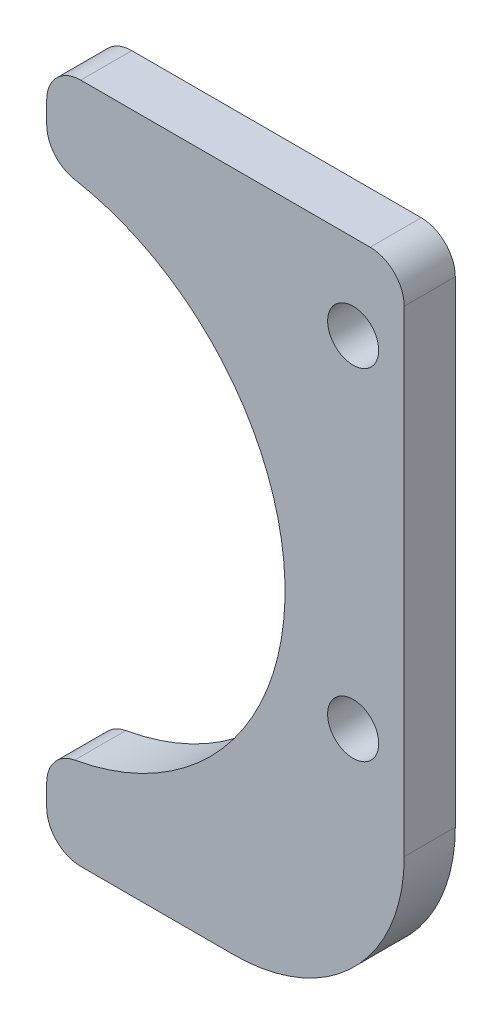
ISO-10303-21;
HEADER;
FILE_DESCRIPTION(('STEP AP214'),'2;1');
FILE_NAME('part.step','',(''),(''),'','','');
FILE_SCHEMA(('AUTOMOTIVE_DESIGN { 1 0 10303 214 1 1 1 1 }'));
ENDSEC;
DATA;
#1=APPLICATION_CONTEXT('core data for automotive mechanical design processes');
#2=APPLICATION_PROTOCOL_DEFINITION('international standard','automotive_design',2000,#1);
#3=PRODUCT_CONTEXT('',#1,'mechanical');
#4=PRODUCT('Part','Part','',(#3));
#5=PRODUCT_RELATED_PRODUCT_CATEGORY('part','',(#4));
#6=PRODUCT_DEFINITION_FORMATION('','',#4);
#7=PRODUCT_DEFINITION_CONTEXT('part definition',#1,'design');
#8=PRODUCT_DEFINITION('design','',#6,#7);
#9=PRODUCT_DEFINITION_SHAPE('','',#8);
#10=(LENGTH_UNIT() NAMED_UNIT(*) SI_UNIT(.MILLI.,.METRE.));
#11=(NAMED_UNIT(*) PLANE_ANGLE_UNIT() SI_UNIT($,.RADIAN.));
#12=(NAMED_UNIT(*) SI_UNIT($,.STERADIAN.) SOLID_ANGLE_UNIT());
#13=UNCERTAINTY_MEASURE_WITH_UNIT(LENGTH_MEASURE(1.E-05),#10,'distance_accuracy_value','');
#14=(GEOMETRIC_REPRESENTATION_CONTEXT(3) GLOBAL_UNCERTAINTY_ASSIGNED_CONTEXT((#13)) GLOBAL_UNIT_ASSIGNED_CONTEXT((#10,
#11,#12)) REPRESENTATION_CONTEXT('',''));
#15=CARTESIAN_POINT('',(0.,0.,0.));
#16=DIRECTION('',(0.,0.,1.));
#17=DIRECTION('',(1.,0.,0.));
#18=AXIS2_PLACEMENT_3D('',#15,#16,#17);
#19=CARTESIAN_POINT('',(1.00000000000001,20.,3.));
#20=DIRECTION('',(1.,0.,0.));
#21=DIRECTION('',(0.,1.,0.));
#22=AXIS2_PLACEMENT_3D('',#19,#20,#21);
#23=PLANE('',#22);
#24=DIRECTION('',(0.,-1.,0.));
#25=VECTOR('',#24,1.);
#26=CARTESIAN_POINT('',(1.00000000000001,20.,0.));
#27=LINE('',#26,#25);
#28=CARTESIAN_POINT('',(1.,18.,0.));
#29=VERTEX_POINT('',#28);
#30=CARTESIAN_POINT('',(1.,16.7332005306815,0.));
#31=VERTEX_POINT('',#30);
#32=EDGE_CURVE('E217',#29,#31,#27,.T.);
#33=ORIENTED_EDGE('',*,*,#32,.T.);
#34=DIRECTION('',(0.,0.,1.));
#35=VECTOR('',#34,1.);
#36=CARTESIAN_POINT('',(1.,16.7332005306815,3.));
#37=LINE('',#36,#35);
#38=CARTESIAN_POINT('',(1.,16.7332005306815,3.));
#39=VERTEX_POINT('',#38);
#40=EDGE_CURVE('E196',#31,#39,#37,.T.);
#41=ORIENTED_EDGE('',*,*,#40,.T.);
#42=DIRECTION('',(0.,-1.,0.));
#43=VECTOR('',#42,1.);
#44=CARTESIAN_POINT('',(1.00000000000001,20.,3.));
#45=LINE('',#44,#43);
#46=CARTESIAN_POINT('',(1.,18.,3.));
#47=VERTEX_POINT('',#46);
#48=EDGE_CURVE('E219',#47,#39,#45,.T.);
#49=ORIENTED_EDGE('',*,*,#48,.F.);
#50=DIRECTION('',(0.,0.,-1.));
#51=VECTOR('',#50,1.);
#52=CARTESIAN_POINT('',(1.,18.,0.));
#53=LINE('',#52,#51);
#54=EDGE_CURVE('E193',#47,#29,#53,.T.);
#55=ORIENTED_EDGE('',*,*,#54,.T.);
#56=EDGE_LOOP('',(#33,#41,#49,#55));
#57=FACE_BOUND('',#56,.T.);
#58=ADVANCED_FACE('F38',(#57),#23,.F.);
#59=CARTESIAN_POINT('',(0.,0.,3.));
#60=DIRECTION('',(0.,0.,-1.));
#61=DIRECTION('',(-1.,0.,0.));
#62=AXIS2_PLACEMENT_3D('',#59,#60,#61);
#63=CYLINDRICAL_SURFACE('',#62,15.);
#64=CARTESIAN_POINT('',(0.,0.,0.));
#65=DIRECTION('',(0.,0.,1.));
#66=DIRECTION('',(1.,0.,0.));
#67=AXIS2_PLACEMENT_3D('',#64,#65,#66);
#68=CIRCLE('',#67,15.);
#69=CARTESIAN_POINT('',(2.64705882352942,-14.7645887035425,0.));
#70=VERTEX_POINT('',#69);
#71=CARTESIAN_POINT('',(2.64705882352942,14.7645887035425,0.));
#72=VERTEX_POINT('',#71);
#73=EDGE_CURVE('E221',#70,#72,#68,.T.);
#74=ORIENTED_EDGE('',*,*,#73,.F.);
#75=DIRECTION('',(0.,0.,-1.));
#76=VECTOR('',#75,1.);
#77=CARTESIAN_POINT('',(2.64705882352942,-14.7645887035425,3.));
#78=LINE('',#77,#76);
#79=CARTESIAN_POINT('',(2.64705882352942,-14.7645887035425,3.));
#80=VERTEX_POINT('',#79);
#81=EDGE_CURVE('E60',#70,#80,#78,.F.);
#82=ORIENTED_EDGE('',*,*,#81,.T.);
#83=CARTESIAN_POINT('',(0.,0.,3.));
#84=DIRECTION('',(0.,0.,1.));
#85=DIRECTION('',(1.,0.,0.));
#86=AXIS2_PLACEMENT_3D('',#83,#84,#85);
#87=CIRCLE('',#86,15.);
#88=CARTESIAN_POINT('',(2.64705882352942,14.7645887035425,3.));
#89=VERTEX_POINT('',#88);
#90=EDGE_CURVE('E249',#80,#89,#87,.T.);
#91=ORIENTED_EDGE('',*,*,#90,.T.);
#92=DIRECTION('',(0.,0.,-1.));
#93=VECTOR('',#92,1.);
#94=CARTESIAN_POINT('',(2.64705882352942,14.7645887035425,3.));
#95=LINE('',#94,#93);
#96=EDGE_CURVE('E189',#89,#72,#95,.T.);
#97=ORIENTED_EDGE('',*,*,#96,.T.);
#98=EDGE_LOOP('',(#74,#82,#91,#97));
#99=FACE_BOUND('',#98,.T.);
#100=ADVANCED_FACE('F284',(#99),#63,.F.);
#101=CARTESIAN_POINT('',(1.,-14.9666295470958,3.));
#102=DIRECTION('',(1.,0.,0.));
#103=DIRECTION('',(0.,1.,0.));
#104=AXIS2_PLACEMENT_3D('',#101,#102,#103);
#105=PLANE('',#104);
#106=DIRECTION('',(0.,-1.,0.));
#107=VECTOR('',#106,1.);
#108=CARTESIAN_POINT('',(1.,-14.9666295470958,0.));
#109=LINE('',#108,#107);
#110=CARTESIAN_POINT('',(1.,-16.7332005306815,0.));
#111=VERTEX_POINT('',#110);
#112=CARTESIAN_POINT('',(1.,-18.,0.));
#113=VERTEX_POINT('',#112);
#114=EDGE_CURVE('E224',#111,#113,#109,.T.);
#115=ORIENTED_EDGE('',*,*,#114,.T.);
#116=DIRECTION('',(0.,0.,-1.));
#117=VECTOR('',#116,1.);
#118=CARTESIAN_POINT('',(1.,-18.,3.));
#119=LINE('',#118,#117);
#120=CARTESIAN_POINT('',(1.,-18.,3.));
#121=VERTEX_POINT('',#120);
#122=EDGE_CURVE('E178',#113,#121,#119,.F.);
#123=ORIENTED_EDGE('',*,*,#122,.T.);
#124=DIRECTION('',(0.,-1.,0.));
#125=VECTOR('',#124,1.);
#126=CARTESIAN_POINT('',(1.,-14.9666295470958,3.));
#127=LINE('',#126,#125);
#128=CARTESIAN_POINT('',(1.,-16.7332005306815,3.));
#129=VERTEX_POINT('',#128);
#130=EDGE_CURVE('E247',#129,#121,#127,.T.);
#131=ORIENTED_EDGE('',*,*,#130,.F.);
#132=DIRECTION('',(0.,0.,1.));
#133=VECTOR('',#132,1.);
#134=CARTESIAN_POINT('',(1.,-16.7332005306815,0.));
#135=LINE('',#134,#133);
#136=EDGE_CURVE('E175',#129,#111,#135,.F.);
#137=ORIENTED_EDGE('',*,*,#136,.T.);
#138=EDGE_LOOP('',(#115,#123,#131,#137));
#139=FACE_BOUND('',#138,.T.);
#140=ADVANCED_FACE('F241',(#139),#105,.F.);
#141=CARTESIAN_POINT('',(1.00000000000001,-20.,3.));
#142=DIRECTION('',(0.,1.,0.));
#143=DIRECTION('',(0.,0.,1.));
#144=AXIS2_PLACEMENT_3D('',#141,#142,#143);
#145=PLANE('',#144);
#146=DIRECTION('',(1.,0.,0.));
#147=VECTOR('',#146,1.);
#148=CARTESIAN_POINT('',(1.00000000000001,-20.,3.));
#149=LINE('',#148,#147);
#150=CARTESIAN_POINT('',(3.,-20.,3.));
#151=VERTEX_POINT('',#150);
#152=CARTESIAN_POINT('',(12.,-20.,3.));
#153=VERTEX_POINT('',#152);
#154=EDGE_CURVE('E246',#151,#153,#149,.T.);
#155=ORIENTED_EDGE('',*,*,#154,.F.);
#156=DIRECTION('',(0.,0.,-1.));
#157=VECTOR('',#156,1.);
#158=CARTESIAN_POINT('',(3.,-20.,3.));
#159=LINE('',#158,#157);
#160=CARTESIAN_POINT('',(3.,-20.,0.));
#161=VERTEX_POINT('',#160);
#162=EDGE_CURVE('E163',#151,#161,#159,.T.);
#163=ORIENTED_EDGE('',*,*,#162,.T.);
#164=DIRECTION('',(1.,0.,0.));
#165=VECTOR('',#164,1.);
#166=CARTESIAN_POINT('',(1.00000000000001,-20.,0.));
#167=LINE('',#166,#165);
#168=CARTESIAN_POINT('',(12.,-20.,0.));
#169=VERTEX_POINT('',#168);
#170=EDGE_CURVE('E140',#161,#169,#167,.T.);
#171=ORIENTED_EDGE('',*,*,#170,.T.);
#172=DIRECTION('',(0.,0.,-1.));
#173=VECTOR('',#172,1.);
#174=CARTESIAN_POINT('',(12.,-20.,3.));
#175=LINE('',#174,#173);
#176=EDGE_CURVE('E148',#169,#153,#175,.F.);
#177=ORIENTED_EDGE('',*,*,#176,.T.);
#178=EDGE_LOOP('',(#155,#163,#171,#177));
#179=FACE_BOUND('',#178,.T.);
#180=ADVANCED_FACE('F235',(#179),#145,.F.);
#181=CARTESIAN_POINT('',(22.,20.,3.));
#182=DIRECTION('',(1.,0.,0.));
#183=DIRECTION('',(0.,0.,-1.));
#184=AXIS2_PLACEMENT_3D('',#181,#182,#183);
☆ ☆ ☆ ☆ ☆
How to complete this task:
When the line with "#27=LINE('',#26,#25);" is reached in the data above, begin copying, and stop after the line with "#54=EDGE_CURVE('E193',#47,#29,#53,.T.);"; copy each line exactly, both ends included.

Answer below:
#27=LINE('',#26,#25);
#28=CARTESIAN_POINT('',(1.,18.,0.));
#29=VERTEX_POINT('',#28);
#30=CARTESIAN_POINT('',(1.,16.7332005306815,0.));
#31=VERTEX_POINT('',#30);
#32=EDGE_CURVE('E217',#29,#31,#27,.T.);
#33=ORIENTED_EDGE('',*,*,#32,.T.);
#34=DIRECTION('',(0.,0.,1.));
#35=VECTOR('',#34,1.);
#36=CARTESIAN_POINT('',(1.,16.7332005306815,3.));
#37=LINE('',#36,#35);
#38=CARTESIAN_POINT('',(1.,16.7332005306815,3.));
#39=VERTEX_POINT('',#38);
#40=EDGE_CURVE('E196',#31,#39,#37,.T.);
#41=ORIENTED_EDGE('',*,*,#40,.T.);
#42=DIRECTION('',(0.,-1.,0.));
#43=VECTOR('',#42,1.);
#44=CARTESIAN_POINT('',(1.00000000000001,20.,3.));
#45=LINE('',#44,#43);
#46=CARTESIAN_POINT('',(1.,18.,3.));
#47=VERTEX_POINT('',#46);
#48=EDGE_CURVE('E219',#47,#39,#45,.T.);
#49=ORIENTED_EDGE('',*,*,#48,.F.);
#50=DIRECTION('',(0.,0.,-1.));
#51=VECTOR('',#50,1.);
#52=CARTESIAN_POINT('',(1.,18.,0.));
#53=LINE('',#52,#51);
#54=EDGE_CURVE('E193',#47,#29,#53,.T.);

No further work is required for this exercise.